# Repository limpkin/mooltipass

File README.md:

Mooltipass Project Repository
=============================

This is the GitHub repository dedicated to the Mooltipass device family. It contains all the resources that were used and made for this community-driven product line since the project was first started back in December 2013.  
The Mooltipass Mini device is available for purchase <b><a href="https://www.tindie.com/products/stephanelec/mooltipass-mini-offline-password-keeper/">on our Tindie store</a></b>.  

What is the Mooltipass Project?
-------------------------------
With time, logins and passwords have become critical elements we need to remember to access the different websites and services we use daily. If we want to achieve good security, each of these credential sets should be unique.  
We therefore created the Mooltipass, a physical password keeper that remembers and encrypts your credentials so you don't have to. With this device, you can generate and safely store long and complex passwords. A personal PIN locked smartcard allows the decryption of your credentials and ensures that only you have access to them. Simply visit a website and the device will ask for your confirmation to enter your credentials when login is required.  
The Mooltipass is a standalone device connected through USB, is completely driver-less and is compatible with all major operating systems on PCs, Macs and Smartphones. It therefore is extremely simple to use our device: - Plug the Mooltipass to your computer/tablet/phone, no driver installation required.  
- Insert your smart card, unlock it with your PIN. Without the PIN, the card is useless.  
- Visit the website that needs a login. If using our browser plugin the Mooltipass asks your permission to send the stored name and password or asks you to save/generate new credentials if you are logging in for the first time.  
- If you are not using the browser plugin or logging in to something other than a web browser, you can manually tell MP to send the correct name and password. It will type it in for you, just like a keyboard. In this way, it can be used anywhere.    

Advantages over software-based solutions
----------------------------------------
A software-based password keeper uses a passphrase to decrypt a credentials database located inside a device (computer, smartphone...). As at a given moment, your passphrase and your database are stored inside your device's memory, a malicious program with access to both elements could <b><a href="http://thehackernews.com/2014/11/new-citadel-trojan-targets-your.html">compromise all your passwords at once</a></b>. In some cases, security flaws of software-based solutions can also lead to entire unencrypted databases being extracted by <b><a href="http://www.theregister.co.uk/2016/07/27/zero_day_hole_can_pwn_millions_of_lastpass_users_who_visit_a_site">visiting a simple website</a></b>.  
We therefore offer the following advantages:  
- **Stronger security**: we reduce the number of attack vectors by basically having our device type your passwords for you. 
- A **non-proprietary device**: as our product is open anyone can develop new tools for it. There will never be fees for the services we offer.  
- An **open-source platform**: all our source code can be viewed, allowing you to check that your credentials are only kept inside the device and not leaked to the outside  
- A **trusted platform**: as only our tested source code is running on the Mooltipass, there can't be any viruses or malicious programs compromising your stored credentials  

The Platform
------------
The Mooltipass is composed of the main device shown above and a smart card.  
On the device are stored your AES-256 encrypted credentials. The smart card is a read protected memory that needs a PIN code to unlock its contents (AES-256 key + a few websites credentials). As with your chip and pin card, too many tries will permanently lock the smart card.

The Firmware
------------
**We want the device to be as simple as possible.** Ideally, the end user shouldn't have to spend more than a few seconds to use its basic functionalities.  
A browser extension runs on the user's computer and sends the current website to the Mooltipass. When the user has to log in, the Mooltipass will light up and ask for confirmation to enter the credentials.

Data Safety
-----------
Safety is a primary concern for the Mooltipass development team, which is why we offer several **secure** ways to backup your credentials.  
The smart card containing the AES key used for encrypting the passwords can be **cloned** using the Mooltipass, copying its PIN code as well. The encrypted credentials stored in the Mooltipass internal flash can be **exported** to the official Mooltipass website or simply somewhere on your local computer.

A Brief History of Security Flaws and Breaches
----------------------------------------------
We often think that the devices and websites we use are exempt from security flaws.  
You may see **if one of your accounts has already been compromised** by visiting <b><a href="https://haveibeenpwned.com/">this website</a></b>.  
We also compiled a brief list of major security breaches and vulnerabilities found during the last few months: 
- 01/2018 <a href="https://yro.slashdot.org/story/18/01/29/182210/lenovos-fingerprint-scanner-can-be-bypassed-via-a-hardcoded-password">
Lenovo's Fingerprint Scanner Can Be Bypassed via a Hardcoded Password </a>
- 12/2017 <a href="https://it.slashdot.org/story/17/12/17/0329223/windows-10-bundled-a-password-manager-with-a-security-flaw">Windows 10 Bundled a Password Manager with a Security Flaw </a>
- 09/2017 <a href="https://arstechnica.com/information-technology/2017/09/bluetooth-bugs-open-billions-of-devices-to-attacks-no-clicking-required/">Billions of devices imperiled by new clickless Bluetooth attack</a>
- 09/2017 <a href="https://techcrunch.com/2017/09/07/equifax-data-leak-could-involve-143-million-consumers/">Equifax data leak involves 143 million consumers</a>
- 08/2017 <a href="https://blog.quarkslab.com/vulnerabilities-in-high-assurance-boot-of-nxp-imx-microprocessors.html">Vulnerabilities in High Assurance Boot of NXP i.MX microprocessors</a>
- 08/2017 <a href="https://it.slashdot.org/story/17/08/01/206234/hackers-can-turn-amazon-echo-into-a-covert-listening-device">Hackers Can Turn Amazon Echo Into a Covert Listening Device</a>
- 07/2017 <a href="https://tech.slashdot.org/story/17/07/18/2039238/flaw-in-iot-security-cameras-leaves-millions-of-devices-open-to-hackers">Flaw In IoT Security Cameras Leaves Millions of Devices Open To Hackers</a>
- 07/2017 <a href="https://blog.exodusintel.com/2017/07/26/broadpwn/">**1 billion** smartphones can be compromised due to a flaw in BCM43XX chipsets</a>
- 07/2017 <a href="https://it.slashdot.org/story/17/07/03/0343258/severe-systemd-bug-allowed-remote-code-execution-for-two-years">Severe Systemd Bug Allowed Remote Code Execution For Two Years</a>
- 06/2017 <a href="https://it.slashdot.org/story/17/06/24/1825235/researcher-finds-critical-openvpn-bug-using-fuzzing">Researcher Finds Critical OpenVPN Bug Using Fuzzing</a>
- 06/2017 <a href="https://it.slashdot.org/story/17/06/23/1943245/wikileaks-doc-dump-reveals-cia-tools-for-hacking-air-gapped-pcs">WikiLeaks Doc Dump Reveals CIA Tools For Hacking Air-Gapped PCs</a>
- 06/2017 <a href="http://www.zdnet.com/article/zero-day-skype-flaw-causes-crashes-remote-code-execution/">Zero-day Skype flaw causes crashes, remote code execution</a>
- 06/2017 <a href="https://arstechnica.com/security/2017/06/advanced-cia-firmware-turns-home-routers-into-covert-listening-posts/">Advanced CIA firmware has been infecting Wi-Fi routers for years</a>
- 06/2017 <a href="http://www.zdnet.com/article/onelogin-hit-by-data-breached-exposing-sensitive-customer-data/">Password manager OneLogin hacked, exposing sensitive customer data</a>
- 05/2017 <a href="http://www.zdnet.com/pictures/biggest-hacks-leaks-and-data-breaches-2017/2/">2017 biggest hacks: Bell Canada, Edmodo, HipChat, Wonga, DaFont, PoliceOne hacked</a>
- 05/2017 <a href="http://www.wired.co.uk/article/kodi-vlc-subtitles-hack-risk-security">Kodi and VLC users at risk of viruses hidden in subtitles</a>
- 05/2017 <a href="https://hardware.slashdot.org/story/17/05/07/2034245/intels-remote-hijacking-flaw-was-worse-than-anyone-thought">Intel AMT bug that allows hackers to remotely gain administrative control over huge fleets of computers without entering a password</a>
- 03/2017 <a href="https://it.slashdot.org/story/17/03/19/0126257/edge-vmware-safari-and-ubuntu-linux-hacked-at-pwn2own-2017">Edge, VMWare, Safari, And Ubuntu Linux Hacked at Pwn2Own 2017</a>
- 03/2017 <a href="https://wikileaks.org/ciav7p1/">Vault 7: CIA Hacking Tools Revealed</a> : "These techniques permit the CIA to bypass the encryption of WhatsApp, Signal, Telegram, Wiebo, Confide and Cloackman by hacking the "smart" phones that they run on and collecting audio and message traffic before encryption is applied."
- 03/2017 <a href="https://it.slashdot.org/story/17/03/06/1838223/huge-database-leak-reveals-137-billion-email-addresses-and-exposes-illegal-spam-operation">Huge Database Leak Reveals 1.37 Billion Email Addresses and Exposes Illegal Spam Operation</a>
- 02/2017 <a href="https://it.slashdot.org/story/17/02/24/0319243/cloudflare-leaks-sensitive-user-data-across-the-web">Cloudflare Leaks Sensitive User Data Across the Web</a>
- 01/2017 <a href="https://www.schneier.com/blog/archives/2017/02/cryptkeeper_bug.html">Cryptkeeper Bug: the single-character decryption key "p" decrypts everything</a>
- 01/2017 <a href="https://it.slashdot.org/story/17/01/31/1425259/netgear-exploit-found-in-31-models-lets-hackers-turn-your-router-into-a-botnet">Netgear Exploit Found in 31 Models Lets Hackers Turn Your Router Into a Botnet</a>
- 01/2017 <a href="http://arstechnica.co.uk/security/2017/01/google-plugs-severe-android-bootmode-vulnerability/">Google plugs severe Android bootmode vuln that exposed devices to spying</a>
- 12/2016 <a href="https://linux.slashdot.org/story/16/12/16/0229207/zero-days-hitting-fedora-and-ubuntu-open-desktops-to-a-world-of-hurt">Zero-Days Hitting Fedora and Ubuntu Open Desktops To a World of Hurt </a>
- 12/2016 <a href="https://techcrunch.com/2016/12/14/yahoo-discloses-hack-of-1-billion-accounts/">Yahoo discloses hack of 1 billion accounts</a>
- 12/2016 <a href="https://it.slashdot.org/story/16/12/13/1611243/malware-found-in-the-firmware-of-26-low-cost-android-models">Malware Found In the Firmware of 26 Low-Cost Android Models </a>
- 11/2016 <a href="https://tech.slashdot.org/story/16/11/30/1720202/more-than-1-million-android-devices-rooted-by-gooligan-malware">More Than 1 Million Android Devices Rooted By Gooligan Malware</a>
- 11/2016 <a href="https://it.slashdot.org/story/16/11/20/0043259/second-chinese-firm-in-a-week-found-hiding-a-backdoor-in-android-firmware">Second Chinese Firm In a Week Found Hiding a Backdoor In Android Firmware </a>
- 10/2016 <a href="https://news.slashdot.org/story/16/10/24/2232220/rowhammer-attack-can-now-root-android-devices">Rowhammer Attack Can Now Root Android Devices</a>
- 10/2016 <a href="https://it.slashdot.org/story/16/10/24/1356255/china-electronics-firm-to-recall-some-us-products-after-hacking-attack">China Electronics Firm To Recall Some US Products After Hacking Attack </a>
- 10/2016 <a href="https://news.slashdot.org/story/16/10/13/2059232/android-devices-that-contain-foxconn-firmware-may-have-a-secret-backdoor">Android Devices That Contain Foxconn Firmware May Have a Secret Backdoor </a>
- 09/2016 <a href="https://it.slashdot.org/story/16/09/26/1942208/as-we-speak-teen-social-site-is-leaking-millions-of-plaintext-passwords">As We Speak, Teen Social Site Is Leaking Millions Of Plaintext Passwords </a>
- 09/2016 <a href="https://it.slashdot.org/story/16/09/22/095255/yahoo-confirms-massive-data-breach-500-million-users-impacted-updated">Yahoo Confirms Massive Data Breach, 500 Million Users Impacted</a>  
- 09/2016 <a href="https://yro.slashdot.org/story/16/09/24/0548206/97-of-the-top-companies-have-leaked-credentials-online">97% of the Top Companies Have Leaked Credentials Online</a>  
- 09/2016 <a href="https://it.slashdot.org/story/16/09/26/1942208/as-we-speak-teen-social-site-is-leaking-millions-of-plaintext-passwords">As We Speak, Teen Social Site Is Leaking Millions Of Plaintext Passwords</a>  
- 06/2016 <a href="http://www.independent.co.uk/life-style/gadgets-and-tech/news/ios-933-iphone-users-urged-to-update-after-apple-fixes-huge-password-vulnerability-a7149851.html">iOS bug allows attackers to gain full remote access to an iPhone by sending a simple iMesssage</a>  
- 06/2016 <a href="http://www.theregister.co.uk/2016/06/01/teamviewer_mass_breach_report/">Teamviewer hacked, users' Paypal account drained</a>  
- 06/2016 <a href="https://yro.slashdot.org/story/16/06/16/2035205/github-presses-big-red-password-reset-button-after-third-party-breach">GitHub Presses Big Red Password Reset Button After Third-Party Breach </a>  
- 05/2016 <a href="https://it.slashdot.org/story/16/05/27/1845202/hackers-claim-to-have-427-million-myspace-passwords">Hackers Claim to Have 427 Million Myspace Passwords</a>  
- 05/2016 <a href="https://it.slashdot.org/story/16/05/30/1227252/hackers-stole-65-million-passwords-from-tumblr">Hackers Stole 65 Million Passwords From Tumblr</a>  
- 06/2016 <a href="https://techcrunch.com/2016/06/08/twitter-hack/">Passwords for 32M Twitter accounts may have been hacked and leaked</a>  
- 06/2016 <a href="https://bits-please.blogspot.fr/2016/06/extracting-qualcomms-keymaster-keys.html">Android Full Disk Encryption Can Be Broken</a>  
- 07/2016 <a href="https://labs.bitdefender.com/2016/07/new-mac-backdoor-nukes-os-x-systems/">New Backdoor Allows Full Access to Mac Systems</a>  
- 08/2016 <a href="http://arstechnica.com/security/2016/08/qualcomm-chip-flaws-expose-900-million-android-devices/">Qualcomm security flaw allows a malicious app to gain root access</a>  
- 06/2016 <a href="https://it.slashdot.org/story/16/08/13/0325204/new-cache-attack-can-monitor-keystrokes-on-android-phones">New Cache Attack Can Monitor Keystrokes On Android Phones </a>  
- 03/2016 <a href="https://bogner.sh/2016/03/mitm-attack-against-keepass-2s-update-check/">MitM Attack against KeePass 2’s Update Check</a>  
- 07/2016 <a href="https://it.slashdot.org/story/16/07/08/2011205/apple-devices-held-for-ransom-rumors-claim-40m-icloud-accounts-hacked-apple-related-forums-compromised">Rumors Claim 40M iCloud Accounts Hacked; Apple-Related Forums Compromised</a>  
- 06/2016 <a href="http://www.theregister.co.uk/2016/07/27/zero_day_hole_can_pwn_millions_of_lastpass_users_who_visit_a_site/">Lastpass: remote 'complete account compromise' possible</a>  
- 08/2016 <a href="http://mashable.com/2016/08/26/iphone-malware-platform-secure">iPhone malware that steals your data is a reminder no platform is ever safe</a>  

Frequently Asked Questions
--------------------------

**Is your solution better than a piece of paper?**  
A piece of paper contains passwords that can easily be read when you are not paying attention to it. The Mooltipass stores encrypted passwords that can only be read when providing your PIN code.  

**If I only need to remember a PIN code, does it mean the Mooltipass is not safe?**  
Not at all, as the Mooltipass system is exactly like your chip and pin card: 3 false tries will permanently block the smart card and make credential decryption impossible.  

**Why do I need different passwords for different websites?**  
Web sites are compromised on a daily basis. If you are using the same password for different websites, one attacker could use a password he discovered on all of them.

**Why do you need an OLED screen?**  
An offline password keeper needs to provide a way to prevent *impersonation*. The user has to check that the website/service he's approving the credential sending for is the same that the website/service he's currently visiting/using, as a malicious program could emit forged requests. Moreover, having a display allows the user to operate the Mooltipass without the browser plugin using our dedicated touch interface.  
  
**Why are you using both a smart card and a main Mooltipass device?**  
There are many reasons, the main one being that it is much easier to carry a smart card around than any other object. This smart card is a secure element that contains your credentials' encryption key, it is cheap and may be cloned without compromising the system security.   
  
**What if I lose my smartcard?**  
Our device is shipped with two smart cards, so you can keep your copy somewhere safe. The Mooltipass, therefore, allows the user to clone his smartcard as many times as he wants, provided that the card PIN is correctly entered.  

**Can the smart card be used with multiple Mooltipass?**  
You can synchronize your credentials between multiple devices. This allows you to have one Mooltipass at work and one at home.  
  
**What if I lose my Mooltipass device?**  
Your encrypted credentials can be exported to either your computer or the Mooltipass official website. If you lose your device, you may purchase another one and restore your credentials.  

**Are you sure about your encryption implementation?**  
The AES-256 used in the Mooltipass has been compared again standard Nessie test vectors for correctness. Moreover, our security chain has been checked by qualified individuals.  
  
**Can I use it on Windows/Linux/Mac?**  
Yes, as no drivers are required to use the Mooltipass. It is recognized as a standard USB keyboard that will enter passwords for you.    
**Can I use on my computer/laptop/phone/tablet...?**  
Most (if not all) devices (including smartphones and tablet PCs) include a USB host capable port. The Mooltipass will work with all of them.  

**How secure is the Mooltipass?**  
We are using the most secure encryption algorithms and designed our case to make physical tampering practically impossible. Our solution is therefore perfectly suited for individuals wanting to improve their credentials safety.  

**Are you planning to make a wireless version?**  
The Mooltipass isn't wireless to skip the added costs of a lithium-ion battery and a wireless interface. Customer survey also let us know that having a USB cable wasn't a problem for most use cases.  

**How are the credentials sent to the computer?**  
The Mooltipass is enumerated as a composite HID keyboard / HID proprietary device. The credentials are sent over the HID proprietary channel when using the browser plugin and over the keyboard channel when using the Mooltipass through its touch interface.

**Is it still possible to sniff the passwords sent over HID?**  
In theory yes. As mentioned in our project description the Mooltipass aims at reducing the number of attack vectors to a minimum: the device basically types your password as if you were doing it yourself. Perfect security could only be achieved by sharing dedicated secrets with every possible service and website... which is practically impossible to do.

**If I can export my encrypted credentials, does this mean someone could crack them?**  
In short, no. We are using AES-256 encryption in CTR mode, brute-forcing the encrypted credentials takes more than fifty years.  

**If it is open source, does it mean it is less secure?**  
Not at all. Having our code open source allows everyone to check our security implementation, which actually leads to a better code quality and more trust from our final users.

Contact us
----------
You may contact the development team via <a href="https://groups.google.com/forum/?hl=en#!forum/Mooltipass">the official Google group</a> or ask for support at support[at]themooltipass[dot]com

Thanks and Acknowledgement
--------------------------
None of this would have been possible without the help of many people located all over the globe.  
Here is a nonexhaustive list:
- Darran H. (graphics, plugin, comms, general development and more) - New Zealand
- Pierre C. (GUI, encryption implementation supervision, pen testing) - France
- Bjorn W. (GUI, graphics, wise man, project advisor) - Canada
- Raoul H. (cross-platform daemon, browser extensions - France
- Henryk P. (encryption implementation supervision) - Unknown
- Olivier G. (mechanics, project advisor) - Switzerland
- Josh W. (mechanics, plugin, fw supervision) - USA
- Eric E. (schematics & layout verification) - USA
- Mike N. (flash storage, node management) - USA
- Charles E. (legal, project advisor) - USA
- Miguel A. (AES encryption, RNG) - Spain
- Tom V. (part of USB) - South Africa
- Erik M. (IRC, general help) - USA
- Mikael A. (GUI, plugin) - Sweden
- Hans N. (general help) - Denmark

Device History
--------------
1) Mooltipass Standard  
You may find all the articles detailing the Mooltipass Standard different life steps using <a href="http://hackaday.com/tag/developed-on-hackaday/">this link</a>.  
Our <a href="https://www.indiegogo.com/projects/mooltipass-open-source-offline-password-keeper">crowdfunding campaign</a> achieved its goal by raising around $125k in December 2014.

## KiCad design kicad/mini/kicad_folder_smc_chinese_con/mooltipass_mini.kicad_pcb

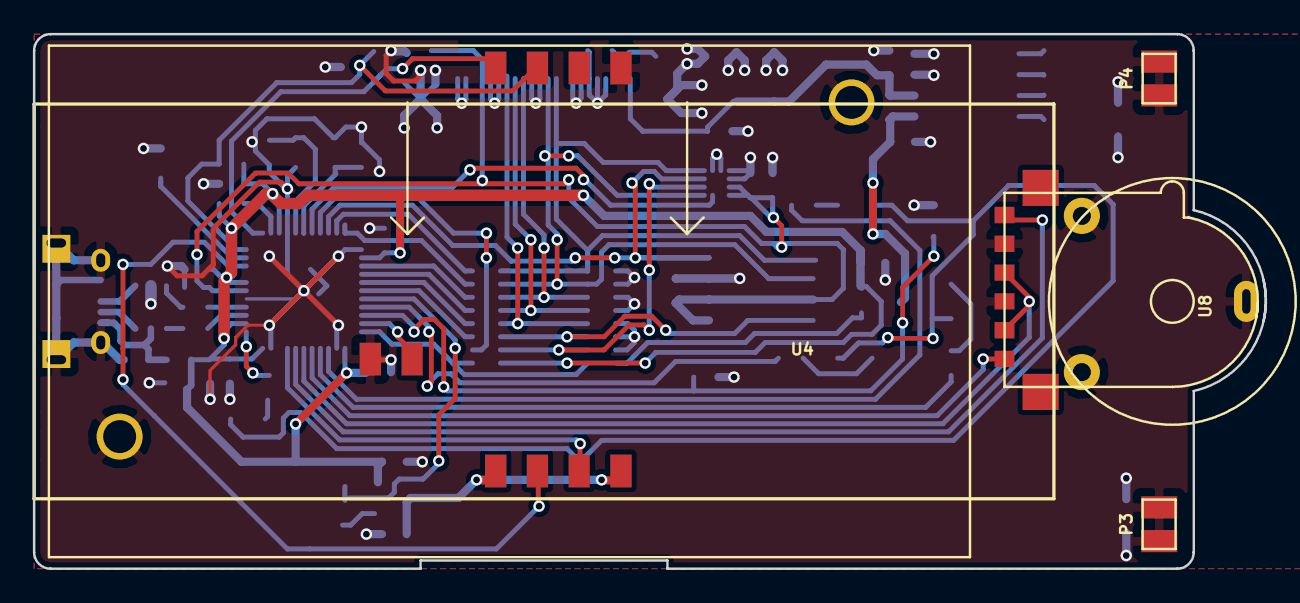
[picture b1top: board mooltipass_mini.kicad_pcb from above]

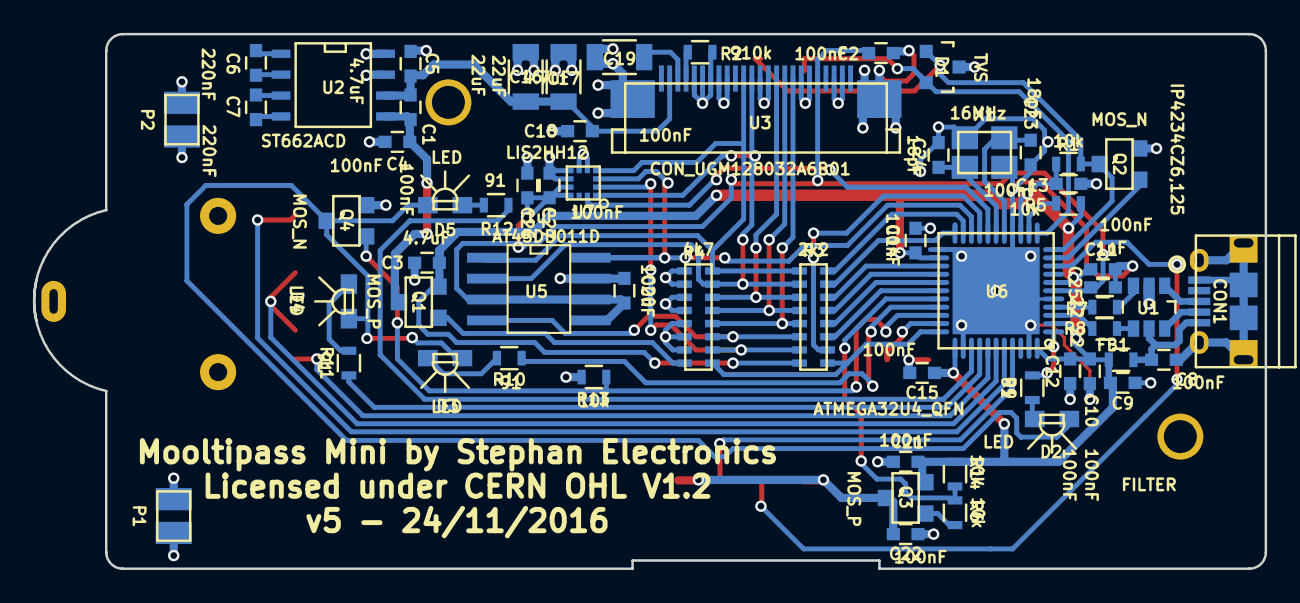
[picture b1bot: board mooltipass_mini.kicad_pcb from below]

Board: 2 copper layers, 74.9 x 32.5 mm, 65 parts (61 on the bottom side), 61 nets.

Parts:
C1, C2, C4, C8, C10, C11, C12, C13, C14, C15, C18, C20, C21, C22, C27: 100nF; C_0603
C3, C5, C9: 4.7uF; C_0603
C6, C7: 220nF; C_0603
C16, C17: 22uF; C_1206
C19: 4.7uF; C_1206
C23, C24: 18pF; C_0603
C25, C26: 1uF; C_0603
CON1: CON_10118194-0001LF; CONUSB_10118194
D1: TVS; SOT-23
D2, D3, D4, D5: LED; LTST-S220TBKT
FB1: FILTER; R_0603
P1, P2, P3, P4: EMC; EMC_SMR-TS-3-3-2DGR2E-01
Q1, Q3: MOS_P; SOT23-3
Q2, Q4: MOS_N; SOT23-3
R1, R5, R6, R13, R14: 10k; R_0603
R2: 910k; R_0603
R3: 2k2; RNETWORK8_0603
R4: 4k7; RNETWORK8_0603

● Exercise:
Look through the data above and return each line where the string "speak" occurs.

● Written response:
- 09/2016 <a href="https://it.slashdot.org/story/16/09/26/1942208/as-we-speak-teen-social-site-is-leaking-millions-of-plaintext-passwords">As We Speak, Teen Social Site Is Leaking Millions Of Plaintext Passwords </a>
- 09/2016 <a href="https://it.slashdot.org/story/16/09/26/1942208/as-we-speak-teen-social-site-is-leaking-millions-of-plaintext-passwords">As We Speak, Teen Social Site Is Leaking Millions Of Plaintext Passwords</a>  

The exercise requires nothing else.